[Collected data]
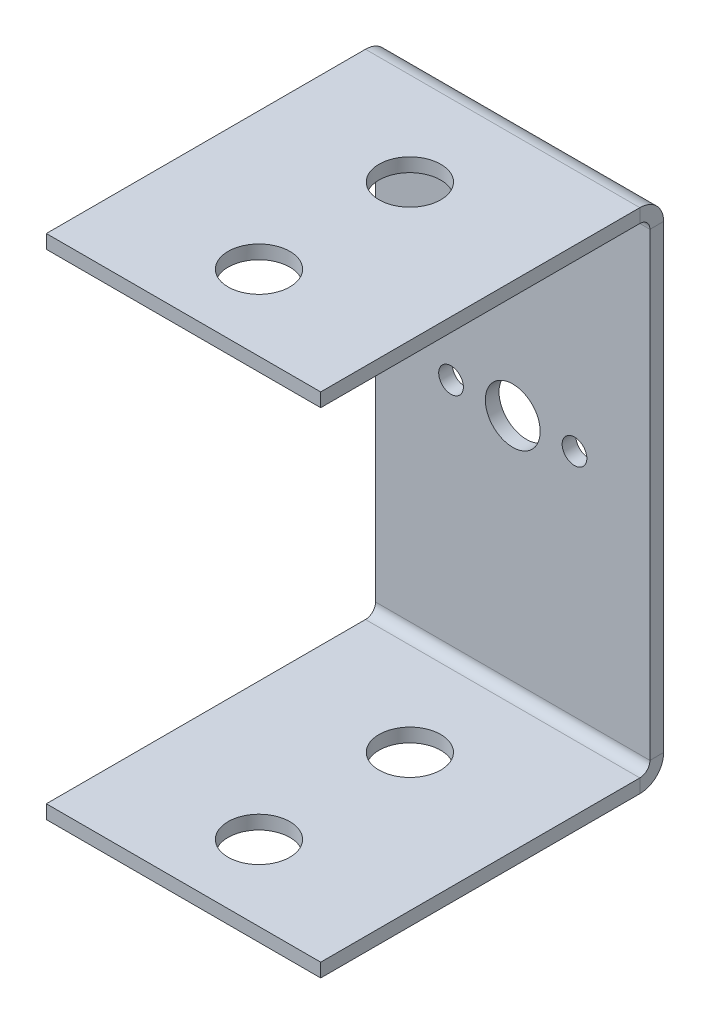
ISO-10303-21;
HEADER;
FILE_DESCRIPTION(('STEP AP214'),'2;1');
FILE_NAME('part.step','',(''),(''),'','','');
FILE_SCHEMA(('AUTOMOTIVE_DESIGN { 1 0 10303 214 1 1 1 1 }'));
ENDSEC;
DATA;
#1=APPLICATION_CONTEXT('core data for automotive mechanical design processes');
#2=APPLICATION_PROTOCOL_DEFINITION('international standard','automotive_design',2000,#1);
#3=PRODUCT_CONTEXT('',#1,'mechanical');
#4=PRODUCT('Part','Part','',(#3));
#5=PRODUCT_RELATED_PRODUCT_CATEGORY('part','',(#4));
#6=PRODUCT_DEFINITION_FORMATION('','',#4);
#7=PRODUCT_DEFINITION_CONTEXT('part definition',#1,'design');
#8=PRODUCT_DEFINITION('design','',#6,#7);
#9=PRODUCT_DEFINITION_SHAPE('','',#8);
#10=(LENGTH_UNIT() NAMED_UNIT(*) SI_UNIT(.MILLI.,.METRE.));
#11=(NAMED_UNIT(*) PLANE_ANGLE_UNIT() SI_UNIT($,.RADIAN.));
#12=(NAMED_UNIT(*) SI_UNIT($,.STERADIAN.) SOLID_ANGLE_UNIT());
#13=UNCERTAINTY_MEASURE_WITH_UNIT(LENGTH_MEASURE(1.E-05),#10,'distance_accuracy_value','');
#14=(GEOMETRIC_REPRESENTATION_CONTEXT(3) GLOBAL_UNCERTAINTY_ASSIGNED_CONTEXT((#13)) GLOBAL_UNIT_ASSIGNED_CONTEXT((#10,
#11,#12)) REPRESENTATION_CONTEXT('',''));
#15=CARTESIAN_POINT('',(0.,0.,0.));
#16=DIRECTION('',(0.,0.,1.));
#17=DIRECTION('',(1.,0.,0.));
#18=AXIS2_PLACEMENT_3D('',#15,#16,#17);
#19=CARTESIAN_POINT('',(0.,0.,-1.));
#20=DIRECTION('',(0.,0.,1.));
#21=DIRECTION('',(1.,0.,0.));
#22=AXIS2_PLACEMENT_3D('',#19,#20,#21);
#23=PLANE('',#22);
#24=CARTESIAN_POINT('',(-4.5,0.,-1.));
#25=DIRECTION('',(0.,0.,-1.));
#26=DIRECTION('',(-1.,0.,0.));
#27=AXIS2_PLACEMENT_3D('',#24,#25,#26);
#28=CIRCLE('',#27,0.899999999999999);
#29=CARTESIAN_POINT('',(-5.4,0.,-1.));
#30=VERTEX_POINT('',#29);
#31=EDGE_CURVE('E325',#30,#30,#28,.T.);
#32=ORIENTED_EDGE('',*,*,#31,.F.);
#33=EDGE_LOOP('',(#32));
#34=FACE_BOUND('',#33,.T.);
#35=CARTESIAN_POINT('',(4.5,0.,-1.));
#36=DIRECTION('',(0.,0.,-1.));
#37=DIRECTION('',(-1.,0.,0.));
#38=AXIS2_PLACEMENT_3D('',#35,#36,#37);
#39=CIRCLE('',#38,0.9);
#40=CARTESIAN_POINT('',(3.6,0.,-1.));
#41=VERTEX_POINT('',#40);
#42=EDGE_CURVE('E326',#41,#41,#39,.T.);
#43=ORIENTED_EDGE('',*,*,#42,.F.);
#44=EDGE_LOOP('',(#43));
#45=FACE_BOUND('',#44,.T.);
#46=CARTESIAN_POINT('',(0.,0.,-1.));
#47=DIRECTION('',(0.,0.,-1.));
#48=DIRECTION('',(-1.,0.,0.));
#49=AXIS2_PLACEMENT_3D('',#46,#47,#48);
#50=CIRCLE('',#49,2.);
#51=CARTESIAN_POINT('',(-2.,0.,-1.));
#52=VERTEX_POINT('',#51);
#53=EDGE_CURVE('E296',#52,#52,#50,.T.);
#54=ORIENTED_EDGE('',*,*,#53,.F.);
#55=EDGE_LOOP('',(#54));
#56=FACE_BOUND('',#55,.T.);
#57=DIRECTION('',(1.,0.,0.));
#58=VECTOR('',#57,1.);
#59=CARTESIAN_POINT('',(10.,-16.7634,-1.));
#60=LINE('',#59,#58);
#61=CARTESIAN_POINT('',(10.,-16.7634,-1.));
#62=VERTEX_POINT('',#61);
#63=CARTESIAN_POINT('',(-10.,-16.7634,-1.));
#64=VERTEX_POINT('',#63);
#65=EDGE_CURVE('E214',#62,#64,#60,.F.);
#66=ORIENTED_EDGE('',*,*,#65,.T.);
#67=DIRECTION('',(0.,-1.,0.));
#68=VECTOR('',#67,1.);
#69=CARTESIAN_POINT('',(-10.,18.5,-1.));
#70=LINE('',#69,#68);
#71=CARTESIAN_POINT('',(-10.,16.7634,-1.));
#72=VERTEX_POINT('',#71);
#73=EDGE_CURVE('E13',#72,#64,#70,.T.);
#74=ORIENTED_EDGE('',*,*,#73,.F.);
#75=DIRECTION('',(-1.,0.,0.));
#76=VECTOR('',#75,1.);
#77=CARTESIAN_POINT('',(-10.,16.7634,-1.));
#78=LINE('',#77,#76);
#79=CARTESIAN_POINT('',(10.,16.7634,-1.));
#80=VERTEX_POINT('',#79);
#81=EDGE_CURVE('E267',#72,#80,#78,.F.);
#82=ORIENTED_EDGE('',*,*,#81,.T.);
#83=DIRECTION('',(0.,1.,0.));
#84=VECTOR('',#83,1.);
#85=CARTESIAN_POINT('',(10.,18.5,-1.));
#86=LINE('',#85,#84);
#87=EDGE_CURVE('E89',#62,#80,#86,.T.);
#88=ORIENTED_EDGE('',*,*,#87,.F.);
#89=EDGE_LOOP('',(#66,#74,#82,#88));
#90=FACE_BOUND('',#89,.T.);
#91=ADVANCED_FACE('F80',(#34,#45,#56,#90),#23,.F.);
#92=CARTESIAN_POINT('',(0.,0.,0.));
#93=DIRECTION('',(0.,0.,1.));
#94=DIRECTION('',(1.,0.,0.));
#95=AXIS2_PLACEMENT_3D('',#92,#93,#94);
#96=PLANE('',#95);
#97=CARTESIAN_POINT('',(-4.5,0.,0.));
#98=DIRECTION('',(0.,0.,1.));
#99=DIRECTION('',(1.,0.,0.));
#100=AXIS2_PLACEMENT_3D('',#97,#98,#99);
#101=CIRCLE('',#100,0.899999999999999);
#102=CARTESIAN_POINT('',(-3.6,0.,0.));
#103=VERTEX_POINT('',#102);
#104=EDGE_CURVE('E213',#103,#103,#101,.T.);
#105=ORIENTED_EDGE('',*,*,#104,.F.);
#106=EDGE_LOOP('',(#105));
#107=FACE_BOUND('',#106,.T.);
#108=CARTESIAN_POINT('',(4.5,0.,0.));
#109=DIRECTION('',(0.,0.,1.));
#110=DIRECTION('',(1.,0.,0.));
#111=AXIS2_PLACEMENT_3D('',#108,#109,#110);
#112=CIRCLE('',#111,0.9);
#113=CARTESIAN_POINT('',(5.4,0.,0.));
#114=VERTEX_POINT('',#113);
#115=EDGE_CURVE('E295',#114,#114,#112,.T.);
#116=ORIENTED_EDGE('',*,*,#115,.F.);
#117=EDGE_LOOP('',(#116));
#118=FACE_BOUND('',#117,.T.);
#119=CARTESIAN_POINT('',(0.,0.,0.));
#120=DIRECTION('',(0.,0.,1.));
#121=DIRECTION('',(1.,0.,0.));
#122=AXIS2_PLACEMENT_3D('',#119,#120,#121);
#123=CIRCLE('',#122,2.);
#124=CARTESIAN_POINT('',(2.,0.,0.));
#125=VERTEX_POINT('',#124);
#126=EDGE_CURVE('E292',#125,#125,#123,.T.);
#127=ORIENTED_EDGE('',*,*,#126,.F.);
#128=EDGE_LOOP('',(#127));
#129=FACE_BOUND('',#128,.T.);
#130=DIRECTION('',(0.,-1.,0.));
#131=VECTOR('',#130,1.);
#132=CARTESIAN_POINT('',(-10.,18.5,0.));
#133=LINE('',#132,#131);
#134=CARTESIAN_POINT('',(-10.,16.7634,0.));
#135=VERTEX_POINT('',#134);
#136=CARTESIAN_POINT('',(-10.,-16.7634,0.));
#137=VERTEX_POINT('',#136);
#138=EDGE_CURVE('E288',#135,#137,#133,.T.);
#139=ORIENTED_EDGE('',*,*,#138,.T.);
#140=DIRECTION('',(1.,0.,0.));
#141=VECTOR('',#140,1.);
#142=CARTESIAN_POINT('',(10.,-16.7634,0.));
#143=LINE('',#142,#141);
#144=CARTESIAN_POINT('',(10.,-16.7634,0.));
#145=VERTEX_POINT('',#144);
#146=EDGE_CURVE('E226',#145,#137,#143,.F.);
#147=ORIENTED_EDGE('',*,*,#146,.F.);
#148=DIRECTION('',(0.,1.,0.));
#149=VECTOR('',#148,1.);
#150=CARTESIAN_POINT('',(10.,18.5,0.));
#151=LINE('',#150,#149);
#152=CARTESIAN_POINT('',(10.,16.7634,0.));
#153=VERTEX_POINT('',#152);
#154=EDGE_CURVE('E285',#145,#153,#151,.T.);
#155=ORIENTED_EDGE('',*,*,#154,.T.);
#156=DIRECTION('',(-1.,0.,0.));
#157=VECTOR('',#156,1.);
#158=CARTESIAN_POINT('',(-10.,16.7634,0.));
#159=LINE('',#158,#157);
#160=EDGE_CURVE('E97',#135,#153,#159,.F.);
#161=ORIENTED_EDGE('',*,*,#160,.F.);
#162=EDGE_LOOP('',(#139,#147,#155,#161));
#163=FACE_BOUND('',#162,.T.);
#164=ADVANCED_FACE('F372',(#107,#118,#129,#163),#96,.T.);
#165=CARTESIAN_POINT('',(10.,18.5,-1.));
#166=DIRECTION('',(1.,0.,0.));
#167=DIRECTION('',(0.,0.,-1.));
#168=AXIS2_PLACEMENT_3D('',#165,#166,#167);
#169=PLANE('',#168);
#170=ORIENTED_EDGE('',*,*,#154,.F.);
#171=DIRECTION('',(0.,0.,-1.));
#172=VECTOR('',#171,1.);
#173=CARTESIAN_POINT('',(10.,-16.7634,0.));
#174=LINE('',#173,#172);
#175=EDGE_CURVE('E220',#145,#62,#174,.T.);
#176=ORIENTED_EDGE('',*,*,#175,.T.);
#177=ORIENTED_EDGE('',*,*,#87,.T.);
#178=DIRECTION('',(0.,0.,-1.));
#179=VECTOR('',#178,1.);
#180=CARTESIAN_POINT('',(10.,16.7634,0.));
#181=LINE('',#180,#179);
#182=EDGE_CURVE('E282',#153,#80,#181,.T.);
#183=ORIENTED_EDGE('',*,*,#182,.F.);
#184=EDGE_LOOP('',(#170,#176,#177,#183));
#185=FACE_BOUND('',#184,.T.);
#186=ADVANCED_FACE('F82',(#185),#169,.T.);
#187=CARTESIAN_POINT('',(-10.,18.5,-1.));
#188=DIRECTION('',(-1.,0.,0.));
#189=DIRECTION('',(0.,0.,1.));
#190=AXIS2_PLACEMENT_3D('',#187,#188,#189);
#191=PLANE('',#190);
#192=DIRECTION('',(0.,0.,-1.));
#193=VECTOR('',#192,1.);
#194=CARTESIAN_POINT('',(-10.,-16.7634,0.));
#195=LINE('',#194,#193);
#196=EDGE_CURVE('E232',#137,#64,#195,.T.);
#197=ORIENTED_EDGE('',*,*,#196,.F.);
#198=ORIENTED_EDGE('',*,*,#138,.F.);
#199=DIRECTION('',(0.,0.,-1.));
#200=VECTOR('',#199,1.);
#201=CARTESIAN_POINT('',(-10.,16.7634,0.));
#202=LINE('',#201,#200);
#203=EDGE_CURVE('E273',#135,#72,#202,.T.);
#204=ORIENTED_EDGE('',*,*,#203,.T.);
#205=ORIENTED_EDGE('',*,*,#73,.T.);
#206=EDGE_LOOP('',(#197,#198,#204,#205));
#207=FACE_BOUND('',#206,.T.);
#208=ADVANCED_FACE('F354',(#207),#191,.T.);
#209=CARTESIAN_POINT('',(10.,16.7634,0.7366));
#210=DIRECTION('',(1.,0.,0.));
#211=DIRECTION('',(0.,0.,-1.));
#212=AXIS2_PLACEMENT_3D('',#209,#210,#211);
#213=PLANE('',#212);
#214=DIRECTION('',(0.,-1.,0.));
#215=VECTOR('',#214,1.);
#216=CARTESIAN_POINT('',(10.,18.5,0.736599999999993));
#217=LINE('',#216,#215);
#218=CARTESIAN_POINT('',(10.,17.5,0.736599999999997));
#219=VERTEX_POINT('',#218);
#220=CARTESIAN_POINT('',(10.,18.5,0.736599999999993));
#221=VERTEX_POINT('',#220);
#222=EDGE_CURVE('E235',#219,#221,#217,.F.);
#223=ORIENTED_EDGE('',*,*,#222,.F.);
#224=CARTESIAN_POINT('',(10.,16.7634,0.7366));
#225=DIRECTION('',(-1.,0.,0.));
#226=DIRECTION('',(0.,0.,1.));
#227=AXIS2_PLACEMENT_3D('',#224,#225,#226);
#228=CIRCLE('',#227,0.7366);
#229=EDGE_CURVE('E276',#153,#219,#228,.F.);
#230=ORIENTED_EDGE('',*,*,#229,.F.);
#231=ORIENTED_EDGE('',*,*,#182,.T.);
#232=CARTESIAN_POINT('',(10.,16.7634,0.7366));
#233=DIRECTION('',(-1.,0.,0.));
#234=DIRECTION('',(0.,0.,1.));
#235=AXIS2_PLACEMENT_3D('',#232,#233,#234);
#236=CIRCLE('',#235,1.7366);
#237=EDGE_CURVE('E269',#80,#221,#236,.F.);
#238=ORIENTED_EDGE('',*,*,#237,.T.);
#239=EDGE_LOOP('',(#223,#230,#231,#238));
#240=FACE_BOUND('',#239,.T.);
#241=ADVANCED_FACE('F386',(#240),#213,.T.);
#242=CARTESIAN_POINT('',(-10.,16.7634,0.7366));
#243=DIRECTION('',(1.,0.,0.));
#244=DIRECTION('',(0.,0.,-1.));
#245=AXIS2_PLACEMENT_3D('',#242,#243,#244);
#246=PLANE('',#245);
#247=CARTESIAN_POINT('',(-10.,16.7634,0.7366));
#248=DIRECTION('',(-1.,0.,0.));
#249=DIRECTION('',(0.,0.,1.));
#250=AXIS2_PLACEMENT_3D('',#247,#248,#249);
#251=CIRCLE('',#250,0.7366);
#252=CARTESIAN_POINT('',(-10.,17.5,0.736599999999997));
#253=VERTEX_POINT('',#252);
#254=EDGE_CURVE('E240',#253,#135,#251,.T.);
#255=ORIENTED_EDGE('',*,*,#254,.F.);
#256=DIRECTION('',(0.,-1.,0.));
#257=VECTOR('',#256,1.);
#258=CARTESIAN_POINT('',(-10.,17.5,0.736599999999997));
#259=LINE('',#258,#257);
#260=CARTESIAN_POINT('',(-10.,18.5,0.736599999999993));
#261=VERTEX_POINT('',#260);
#262=EDGE_CURVE('E260',#253,#261,#259,.F.);
#263=ORIENTED_EDGE('',*,*,#262,.T.);
#264=CARTESIAN_POINT('',(-10.,16.7634,0.7366));
#265=DIRECTION('',(-1.,0.,0.));
#266=DIRECTION('',(0.,0.,1.));
#267=AXIS2_PLACEMENT_3D('',#264,#265,#266);
#268=CIRCLE('',#267,1.7366);
#269=EDGE_CURVE('E270',#261,#72,#268,.T.);
#270=ORIENTED_EDGE('',*,*,#269,.T.);
#271=ORIENTED_EDGE('',*,*,#203,.F.);
#272=EDGE_LOOP('',(#255,#263,#270,#271));
#273=FACE_BOUND('',#272,.T.);
#274=ADVANCED_FACE('F383',(#273),#246,.F.);
#275=CARTESIAN_POINT('',(-10.,16.7634,0.7366));
#276=DIRECTION('',(-1.,0.,0.));
#277=DIRECTION('',(0.,1.,0.));
#278=AXIS2_PLACEMENT_3D('',#275,#276,#277);
#279=CYLINDRICAL_SURFACE('',#278,1.7366);
#280=ORIENTED_EDGE('',*,*,#81,.F.);
#281=ORIENTED_EDGE('',*,*,#269,.F.);
#282=DIRECTION('',(-1.,0.,0.));
#283=VECTOR('',#282,1.);
#284=CARTESIAN_POINT('',(10.,18.5,0.736599999999993));
#285=LINE('',#284,#283);
#286=EDGE_CURVE('E258',#261,#221,#285,.F.);
#287=ORIENTED_EDGE('',*,*,#286,.T.);
#288=ORIENTED_EDGE('',*,*,#237,.F.);
#289=EDGE_LOOP('',(#280,#281,#287,#288));
#290=FACE_BOUND('',#289,.T.);
#291=ADVANCED_FACE('F670',(#290),#279,.T.);
#292=CARTESIAN_POINT('',(-10.,16.7634,0.7366));
#293=DIRECTION('',(-1.,0.,0.));
#294=DIRECTION('',(0.,1.,0.));
#295=AXIS2_PLACEMENT_3D('',#292,#293,#294);
#296=CYLINDRICAL_SURFACE('',#295,0.7366);
#297=ORIENTED_EDGE('',*,*,#160,.T.);
#298=ORIENTED_EDGE('',*,*,#229,.T.);
#299=DIRECTION('',(-1.,0.,0.));
#300=VECTOR('',#299,1.);
#301=CARTESIAN_POINT('',(10.,17.5,0.736599999999997));
#302=LINE('',#301,#300);
#303=EDGE_CURVE('E263',#219,#253,#302,.T.);
#304=ORIENTED_EDGE('',*,*,#303,.T.);
#305=ORIENTED_EDGE('',*,*,#254,.T.);
#306=EDGE_LOOP('',(#297,#298,#304,#305));
#307=FACE_BOUND('',#306,.T.);
#308=ADVANCED_FACE('F658',(#307),#296,.F.);
#309=CARTESIAN_POINT('',(10.,18.5,0.));
#310=DIRECTION('',(-1.,0.,0.));
#311=DIRECTION('',(0.,0.,1.));
#312=AXIS2_PLACEMENT_3D('',#309,#310,#311);
#313=PLANE('',#312);
#314=ORIENTED_EDGE('',*,*,#222,.T.);
#315=DIRECTION('',(0.,0.,-1.));
#316=VECTOR('',#315,1.);
#317=CARTESIAN_POINT('',(10.,18.5,0.));
#318=LINE('',#317,#316);
#319=CARTESIAN_POINT('',(10.,18.5000000000001,24.));
#320=VERTEX_POINT('',#319);
#321=EDGE_CURVE('E248',#320,#221,#318,.T.);
#322=ORIENTED_EDGE('',*,*,#321,.F.);
#323=DIRECTION('',(0.,-1.,0.));
#324=VECTOR('',#323,1.);
#325=CARTESIAN_POINT('',(10.,18.5000000000001,24.));
#326=LINE('',#325,#324);
#327=CARTESIAN_POINT('',(10.,17.5000000000001,24.));
#328=VERTEX_POINT('',#327);
#329=EDGE_CURVE('E241',#320,#328,#326,.T.);
#330=ORIENTED_EDGE('',*,*,#329,.T.);
#331=DIRECTION('',(0.,0.,1.));
#332=VECTOR('',#331,1.);
#333=CARTESIAN_POINT('',(10.,17.5,0.));
#334=LINE('',#333,#332);
#335=EDGE_CURVE('E255',#328,#219,#334,.F.);
#336=ORIENTED_EDGE('',*,*,#335,.T.);
#337=EDGE_LOOP('',(#314,#322,#330,#336));
#338=FACE_BOUND('',#337,.T.);
#339=ADVANCED_FACE('F646',(#338),#313,.F.);
#340=CARTESIAN_POINT('',(-10.,18.5000000000001,24.));
#341=DIRECTION('',(1.,0.,0.));
#342=DIRECTION('',(0.,0.,-1.));
#343=AXIS2_PLACEMENT_3D('',#340,#341,#342);
#344=PLANE('',#343);
#345=ORIENTED_EDGE('',*,*,#262,.F.);
#346=DIRECTION('',(0.,0.,-1.));
#347=VECTOR('',#346,1.);
#348=CARTESIAN_POINT('',(-10.,17.5000000000001,24.));
#349=LINE('',#348,#347);
#350=CARTESIAN_POINT('',(-10.,17.5000000000001,24.));
#351=VERTEX_POINT('',#350);
#352=EDGE_CURVE('E253',#253,#351,#349,.F.);
#353=ORIENTED_EDGE('',*,*,#352,.T.);
#354=DIRECTION('',(0.,-1.,0.));
#355=VECTOR('',#354,1.);
#356=CARTESIAN_POINT('',(-10.,18.5000000000001,24.));
#357=LINE('',#356,#355);
#358=CARTESIAN_POINT('',(-10.,18.5000000000001,24.));
#359=VERTEX_POINT('',#358);
#360=EDGE_CURVE('E237',#359,#351,#357,.T.);
#361=ORIENTED_EDGE('',*,*,#360,.F.);
#362=DIRECTION('',(0.,0.,1.));
#363=VECTOR('',#362,1.);
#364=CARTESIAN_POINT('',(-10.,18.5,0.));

» Exercise aim:
From the records above, quote only the lines running from the line with "#130=DIRECTION('',(0.,-1.,0.));" to the line with "#149=VECTOR('',#148,1.);", both lines included.

» Your response:
#130=DIRECTION('',(0.,-1.,0.));
#131=VECTOR('',#130,1.);
#132=CARTESIAN_POINT('',(-10.,18.5,0.));
#133=LINE('',#132,#131);
#134=CARTESIAN_POINT('',(-10.,16.7634,0.));
#135=VERTEX_POINT('',#134);
#136=CARTESIAN_POINT('',(-10.,-16.7634,0.));
#137=VERTEX_POINT('',#136);
#138=EDGE_CURVE('E288',#135,#137,#133,.T.);
#139=ORIENTED_EDGE('',*,*,#138,.T.);
#140=DIRECTION('',(1.,0.,0.));
#141=VECTOR('',#140,1.);
#142=CARTESIAN_POINT('',(10.,-16.7634,0.));
#143=LINE('',#142,#141);
#144=CARTESIAN_POINT('',(10.,-16.7634,0.));
#145=VERTEX_POINT('',#144);
#146=EDGE_CURVE('E226',#145,#137,#143,.F.);
#147=ORIENTED_EDGE('',*,*,#146,.F.);
#148=DIRECTION('',(0.,1.,0.));
#149=VECTOR('',#148,1.);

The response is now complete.